Since I spend as much time as possible in the bush, and since–in this neck of the woods–that bush consists mainly of Southern deciduous forest, I’d have to hold on to my copy of Lee Peterson’s A Field Guide to Eastern Edible Wild Plants (1984, Houghton Mifflin). I’ve prepared any number of meals using foraged plants over the years, from main courses to desserts to wines, and I’ve never found a more reliable identification tool than Peterson’s volume. He uses quality color photographs in addition to the more common (and commonly almost useless) line drawings, and keys each plant to the types of preparation that suit it best. With Lee’s guide along, I’ll know that, regardless of my shortage of reading material, I’ll always be able to eat.
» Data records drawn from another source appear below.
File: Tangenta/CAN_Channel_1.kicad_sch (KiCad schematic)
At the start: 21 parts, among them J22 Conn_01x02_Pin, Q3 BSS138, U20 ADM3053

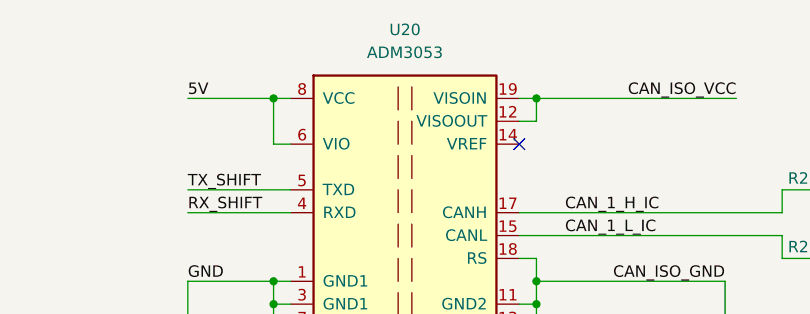
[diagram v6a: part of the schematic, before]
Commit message: Re-annotated. Ready for JLCPCB design verification.
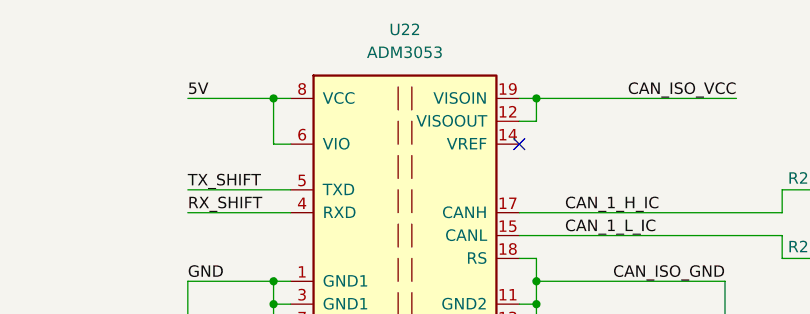
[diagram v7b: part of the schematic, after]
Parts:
- renumbered U20 to U22
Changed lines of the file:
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@@
         )
         (path "/358d1bcf-7599-4352-8c4d-baa18a5f09e6/b5394a48-5ef8-44c9-9d56-604d4ce6d7c8/96e01dc6-7803-4642-812e-1845a7add5da"
-          (reference "C189") (unit 1)
+          (reference "C199") (unit 1)
         )
       )
@@
         )
         (path "/358d1bcf-7599-4352-8c4d-baa18a5f09e6/b5394a48-5ef8-44c9-9d56-604d4ce6d7c8/96e01dc6-7803-4642-812e-1845a7add5da"
-          (reference "#PWR088") (unit 1)
+          (reference "#PWR094") (unit 1)
         )
       )
@@
         )
         (path "/358d1bcf-7599-4352-8c4d-baa18a5f09e6/b5394a48-5ef8-44c9-9d56-604d4ce6d7c8/96e01dc6-7803-4642-812e-1845a7add5da"
-          (reference "C195") (unit 1)
+          (reference "C202") (unit 1)
         )
       )
@@
         )
         (path "/358d1bcf-7599-4352-8c4d-baa18a5f09e6/b5394a48-5ef8-44c9-9d56-604d4ce6d7c8/96e01dc6-7803-4642-812e-1845a7add5da"
-          (reference "C188") (unit 1)
+          (reference "C197") (unit 1)
         )
       )
@@
         )
         (path "/358d1bcf-7599-4352-8c4d-baa18a5f09e6/b5394a48-5ef8-44c9-9d56-604d4ce6d7c8/96e01dc6-7803-4642-812e-1845a7add5da"
-          (reference "C191") (unit 1)
+          (reference "C200") (unit 1)
         )
       )
@@
         )
         (path "/358d1bcf-7599-4352-8c4d-baa18a5f09e6/b5394a48-5ef8-44c9-9d56-604d4ce6d7c8/96e01dc6-7803-4642-812e-1845a7add5da"
-          (reference "Q15") (unit 1)
+          (reference "Q19") (unit 1)
         )
       )
@@
         )
         (path "/358d1bcf-7599-4352-8c4d-baa18a5f09e6/b5394a48-5ef8-44c9-9d56-604d4ce6d7c8/96e01dc6-7803-4642-812e-1845a7add5da"
-          (reference "R151") (unit 1)
+          (reference "R190") (unit 1)
         )
       )
@@
         )
         (path "/358d1bcf-7599-4352-8c4d-baa18a5f09e6/b5394a48-5ef8-44c9-9d56-604d4ce6d7c8/96e01dc6-7803-4642-812e-1845a7add5da"
-          (reference "C193") (unit 1)
+          (reference "C201") (unit 1)
         )
       )
@@
         )
         (path "/358d1bcf-7599-4352-8c4d-baa18a5f09e6/b5394a48-5ef8-44c9-9d56-604d4ce6d7c8/96e01dc6-7803-4642-812e-1845a7add5da"
-          (reference "C192") (unit 1)
+          (reference "C203") (unit 1)
         )
       )
@@
         )
         (path "/358d1bcf-7599-4352-8c4d-baa18a5f09e6/b5394a48-5ef8-44c9-9d56-604d4ce6d7c8/96e01dc6-7803-4642-812e-1845a7add5da"
-          (reference "J23") (unit 1)
+          (reference "J32") (unit 1)
         )
       )
@@
         )
         (path "/358d1bcf-7599-4352-8c4d-baa18a5f09e6/b5394a48-5ef8-44c9-9d56-604d4ce6d7c8/96e01dc6-7803-4642-812e-1845a7add5da"
-          (reference "Q16") (unit 1)
+          (reference "Q20") (unit 1)
         )
       )
@@
         )
         (path "/358d1bcf-7599-4352-8c4d-baa18a5f09e6/b5394a48-5ef8-44c9-9d56-604d4ce6d7c8/96e01dc6-7803-4642-812e-1845a7add5da"
-          (reference "#PWR086") (unit 1)
+          (reference "#PWR093") (unit 1)
         )
       )
@@
         )
         (path "/358d1bcf-7599-4352-8c4d-baa18a5f09e6/b5394a48-5ef8-44c9-9d56-604d4ce6d7c8/96e01dc6-7803-4642-812e-1845a7add5da"
-          (reference "C190") (unit 1)
+          (reference "C198") (unit 1)
         )
       )
@@
         )
         (path "/358d1bcf-7599-4352-8c4d-baa18a5f09e6/b5394a48-5ef8-44c9-9d56-604d4ce6d7c8/96e01dc6-7803-4642-812e-1845a7add5da"
-          (reference "R177") (unit 1)
+          (reference "R189") (unit 1)
         )
       )
@@
         )
         (path "/358d1bcf-7599-4352-8c4d-baa18a5f09e6/b5394a48-5ef8-44c9-9d56-604d4ce6d7c8/96e01dc6-7803-4642-812e-1845a7add5da"
-          (reference "#PWR087") (unit 1)
+          (reference "#PWR092") (unit 1)
         )
       )
@@
         )
         (path "/358d1bcf-7599-4352-8c4d-baa18a5f09e6/b5394a48-5ef8-44c9-9d56-604d4ce6d7c8/96e01dc6-7803-4642-812e-1845a7add5da"
-          (reference "R168") (unit 1)
+          (reference "R191") (unit 1)
         )
       )
@@
         )
         (path "/358d1bcf-7599-4352-8c4d-baa18a5f09e6/b5394a48-5ef8-44c9-9d56-604d4ce6d7c8/96e01dc6-7803-4642-812e-1845a7add5da"
-          (reference "R175") (unit 1)
+          (reference "R187") (unit 1)
         )
       )
@@
         )
         (path "/358d1bcf-7599-4352-8c4d-baa18a5f09e6/b5394a48-5ef8-44c9-9d56-604d4ce6d7c8/96e01dc6-7803-4642-812e-1845a7add5da"
-          (reference "C194") (unit 1)
+          (reference "C204") (unit 1)
         )
       )
@@
         )
         (path "/358d1bcf-7599-4352-8c4d-baa18a5f09e6/b5394a48-5ef8-44c9-9d56-604d4ce6d7c8/96e01dc6-7803-4642-812e-1845a7add5da"
-          (reference "#PWR083") (unit 1)
+          (reference "#PWR091") (unit 1)
         )
       )
@@
         )
         (path "/358d1bcf-7599-4352-8c4d-baa18a5f09e6/b5394a48-5ef8-44c9-9d56-604d4ce6d7c8/96e01dc6-7803-4642-812e-1845a7add5da"
-          (reference "R176") (unit 1)
+          (reference "R188") (unit 1)
         )
       )
@@
         )
         (path "/358d1bcf-7599-4352-8c4d-baa18a5f09e6/b5394a48-5ef8-44c9-9d56-604d4ce6d7c8/96e01dc6-7803-4642-812e-1845a7add5da"
-          (reference "R184") (unit 1)
+          (reference "R192") (unit 1)
         )
       )
@@
   (symbol (lib_id "CholaSymbolsPrjLib:ADM3053") (at 137.16 74.93 0) (unit 1)
     (in_bom yes) (on_board yes) (dnp no) (fields_autoplaced)
-    (property "Reference" "U20" (at 137.16 52.07 0)
+    (property "Reference" "U22" (at 137.16 52.07 0)
       (effects (font (size 1.27 1.27)))
     )
@@
       (project "Tangenta"
         (path "/358d1bcf-7599-4352-8c4d-baa18a5f09e6/b5394a48-5ef8-44c9-9d56-604d4ce6d7c8/96e01dc6-7803-4642-812e-1845a7add5da"
-          (reference "U20") (unit 1)
+          (reference "U22") (unit 1)
         )
       )
@@
         )
         (path "/358d1bcf-7599-4352-8c4d-baa18a5f09e6/b5394a48-5ef8-44c9-9d56-604d4ce6d7c8/96e01dc6-7803-4642-812e-1845a7add5da"
-          (reference "R174") (unit 1)
-        )
-      )
+          (reference "R186") (unit 1)
+        )
+      )

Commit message: ...
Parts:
- C1: symbol CholaSymbolsPrjLib:C_Small -> LocalPrjLib:C_Small
- FB1: symbol CholaSymbolsPrjLib:GZ2012D101TF -> LocalPrjLib:GZ2012D101TF
- J22: symbol CholaSymbolsPrjLib:Conn_01x02_Pin -> LocalPrjLib:Conn_01x02_Pin
- Q3: symbol CholaSymbolsPrjLib:BSS138 -> LocalPrjLib:BSS138
- R2, R4: symbol CholaSymbolsPrjLib:R_Small_US -> LocalPrjLib:R_Small_US
- U22: symbol CholaSymbolsPrjLib:ADM3053 -> LocalPrjLib:ADM3053
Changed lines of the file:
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@@
     (effects (font (size 1.27 1.27)) (justify left))
   )
-  (symbol (lib_id "CholaSymbolsPrjLib:GZ2012D101TF") (at 168.91 140.97 0) (unit 1)
+  (symbol (lib_id "LocalPrjLib:GZ2012D101TF") (at 168.91 140.97 0) (unit 1)
     (in_bom yes) (on_board yes) (dnp no)
     (property "Reference" "FB1" (at 168.91 138.43 0)
@@
     )
   )
-  (symbol (lib_id "CholaSymbolsPrjLib:C_Small") (at 132.08 116.84 180) (unit 1)
+  (symbol (lib_id "LocalPrjLib:C_Small") (at 132.08 116.84 180) (unit 1)
     (in_bom yes) (on_board yes) (dnp no)
     (property "Reference" "C1" (at 129.5399 114.9349 0)
@@
     )
   )
-  (symbol (lib_id "CholaSymbolsPrjLib:C_Small") (at 159.385 135.89 0) (mirror x) (unit 1)
+  (symbol (lib_id "LocalPrjLib:C_Small") (at 159.385 135.89 0) (mirror x) (unit 1)
     (in_bom yes) (on_board yes) (dnp no)
     (property "Reference" "C1" (at 161.9251 133.9849 0)
@@
     )
   )
-  (symbol (lib_id "CholaSymbolsPrjLib:C_Small") (at 124.46 116.84 180) (unit 1)
+  (symbol (lib_id "LocalPrjLib:C_Small") (at 124.46 116.84 180) (unit 1)
     (in_bom yes) (on_board yes) (dnp no)
     (property "Reference" "C1" (at 121.9199 114.9349 0)
@@
     )
   )
-  (symbol (lib_id "CholaSymbolsPrjLib:C_Small") (at 132.08 135.89 180) (unit 1)
+  (symbol (lib_id "LocalPrjLib:C_Small") (at 132.08 135.89 180) (unit 1)
     (in_bom yes) (on_board yes) (dnp no)
     (property "Reference" "C1" (at 129.5399 133.9849 0)
@@
     )
   )
-  (symbol (lib_id "CholaSymbolsPrjLib:BSS138") (at 66.04 117.475 270) (unit 1)
+  (symbol (lib_id "LocalPrjLib:BSS138") (at 66.04 117.475 270) (unit 1)
     (in_bom yes) (on_board yes) (dnp no)
     (property "Reference" "Q3" (at 68.58 114.935 90)
@@
     )
   )
-  (symbol (lib_id "CholaSymbolsPrjLib:R_Small_US") (at 186.69 69.85 270) (unit 1)
+  (symbol (lib_id "LocalPrjLib:R_Small_US") (at 186.69 69.85 270) (unit 1)
     (in_bom yes) (on_board yes) (dnp no)
     (property "Reference" "R2" (at 179.705 68.58 90)
@@
     )
   )
-  (symbol (lib_id "CholaSymbolsPrjLib:C_Small") (at 141.605 116.84 0) (mirror x) (unit 1)
+  (symbol (lib_id "LocalPrjLib:C_Small") (at 141.605 116.84 0) (mirror x) (unit 1)
     (in_bom yes) (on_board yes) (dnp no)
     (property "Reference" "C1" (at 144.1451 114.9349 0)
@@
     )
   )
-  (symbol (lib_id "CholaSymbolsPrjLib:C_Small") (at 160.655 116.84 0) (mirror x) (unit 1)
+  (symbol (lib_id "LocalPrjLib:C_Small") (at 160.655 116.84 0) (mirror x) (unit 1)
     (in_bom yes) (on_board yes) (dnp no)
     (property "Reference" "C1" (at 163.1951 114.9349 0)
@@
     )
   )
-  (symbol (lib_id "CholaSymbolsPrjLib:Conn_01x02_Pin") (at 139.065 153.67 270) (unit 1)
+  (symbol (lib_id "LocalPrjLib:Conn_01x02_Pin") (at 139.065 153.67 270) (unit 1)
     (in_bom yes) (on_board yes) (dnp no)
     (property "Reference" "J22" (at 135.89 152.4 90)
@@
     )
   )
-  (symbol (lib_id "CholaSymbolsPrjLib:BSS138") (at 66.04 138.43 270) (unit 1)
+  (symbol (lib_id "LocalPrjLib:BSS138") (at 66.04 138.43 270) (unit 1)
     (in_bom yes) (on_board yes) (dnp no)
     (property "Reference" "Q3" (at 68.58 135.89 90)
@@
     )
   )
-  (symbol (lib_id "CholaSymbolsPrjLib:C_Small") (at 124.46 135.89 180) (unit 1)
+  (symbol (lib_id "LocalPrjLib:C_Small") (at 124.46 135.89 180) (unit 1)
     (in_bom yes) (on_board yes) (dnp no)
     (property "Reference" "C1" (at 121.9199 133.9849 0)
@@
     )
   )
-  (symbol (lib_id "CholaSymbolsPrjLib:R_Small_US") (at 80.01 134.62 180) (unit 1)
+  (symbol (lib_id "LocalPrjLib:R_Small_US") (at 80.01 134.62 180) (unit 1)
     (in_bom yes) (on_board yes) (dnp no)
     (property "Reference" "R2" (at 78.74 133.35 0)
@@
     )
   )
-  (symbol (lib_id "CholaSymbolsPrjLib:R_Small_US") (at 186.69 77.47 270) (unit 1)
+  (symbol (lib_id "LocalPrjLib:R_Small_US") (at 186.69 77.47 270) (unit 1)
     (in_bom yes) (on_board yes) (dnp no)
     (property "Reference" "R2" (at 179.705 76.2 90)
@@
     )
   )
-  (symbol (lib_id "CholaSymbolsPrjLib:R_Small_US") (at 53.34 134.62 180) (unit 1)
+  (symbol (lib_id "LocalPrjLib:R_Small_US") (at 53.34 134.62 180) (unit 1)
     (in_bom yes) (on_board yes) (dnp no)
     (property "Reference" "R2" (at 52.07 133.35 0)
@@
     )
   )
-  (symbol (lib_id "CholaSymbolsPrjLib:C_Small") (at 178.435 135.89 0) (mirror x) (unit 1)
+  (symbol (lib_id "LocalPrjLib:C_Small") (at 178.435 135.89 0) (mirror x) (unit 1)
     (in_bom yes) (on_board yes) (dnp no)
     (property "Reference" "C1" (at 180.9751 133.9849 0)
@@
     )
   )
-  (symbol (lib_id "CholaSymbolsPrjLib:R_Small_US") (at 80.01 113.665 180) (unit 1)
+  (symbol (lib_id "LocalPrjLib:R_Small_US") (at 80.01 113.665 180) (unit 1)
     (in_bom yes) (on_board yes) (dnp no)
     (property "Reference" "R2" (at 78.74 112.395 0)
@@
     )
   )
-  (symbol (lib_id "CholaSymbolsPrjLib:R_Small_US") (at 193.675 73.66 0) (unit 1)
+  (symbol (lib_id "LocalPrjLib:R_Small_US") (at 193.675 73.66 0) (unit 1)
     (in_bom yes) (on_board yes) (dnp no)
     (property "Reference" "R4" (at 197.485 72.39 0)
@@
     )
   )
-  (symbol (lib_id "CholaSymbolsPrjLib:ADM3053") (at 137.16 74.93 0) (unit 1)
+  (symbol (lib_id "LocalPrjLib:ADM3053") (at 137.16 74.93 0) (unit 1)
     (in_bom yes) (on_board yes) (dnp no) (fields_autoplaced)
     (property "Reference" "U22" (at 137.16 52.07 0)
@@
     )
   )
-  (symbol (lib_id "CholaSymbolsPrjLib:R_Small_US") (at 53.34 113.665 180) (unit 1)
+  (symbol (lib_id "LocalPrjLib:R_Small_US") (at 53.34 113.665 180) (unit 1)
     (in_bom yes) (on_board yes) (dnp no)
     (property "Reference" "R2" (at 52.07 112.395 0)
@@
     )
   )
-  (symbol (lib_id "CholaSymbolsPrjLib:GZ2012D101TF") (at 168.91 130.81 0) (unit 1)
+  (symbol (lib_id "LocalPrjLib:GZ2012D101TF") (at 168.91 130.81 0) (unit 1)
     (in_bom yes) (on_board yes) (dnp no)
     (property "Reference" "FB1" (at 168.91 128.27 0)

Then again, I don’t plan on running out of interesting reading for a decade or so, because my second choice will be a much dog-eared and annotated copy of Russell Hoban’s Riddley Walker (1982, Washington Square Press). I’ve read Riddley some six times over the past 10 years, and I don’t imagine I’ll succeed in milking it dry in another mere decade. This tale of post-apocalypse Earth, upon which small tribes of hunter-gatherers are slowly being supplanted by a newly reborn agriculture (the “formers”…those that bring form, those that farm), concerns–among other things–an effort on the part of some tribal politicians (they ring more truly than the news from the most recent summit conference) who are trying to rediscover the secret of producing gunpowder. In the course of presenting his story, Hoban recreates an English language that is so appropriate and believable that it’s a joy to decipher. Moreover, the book is simply fun to read and is packed with environmental/political/sociological wisdom. Just the thing to feed the mind while the palate savors a Chenopodium album frittata.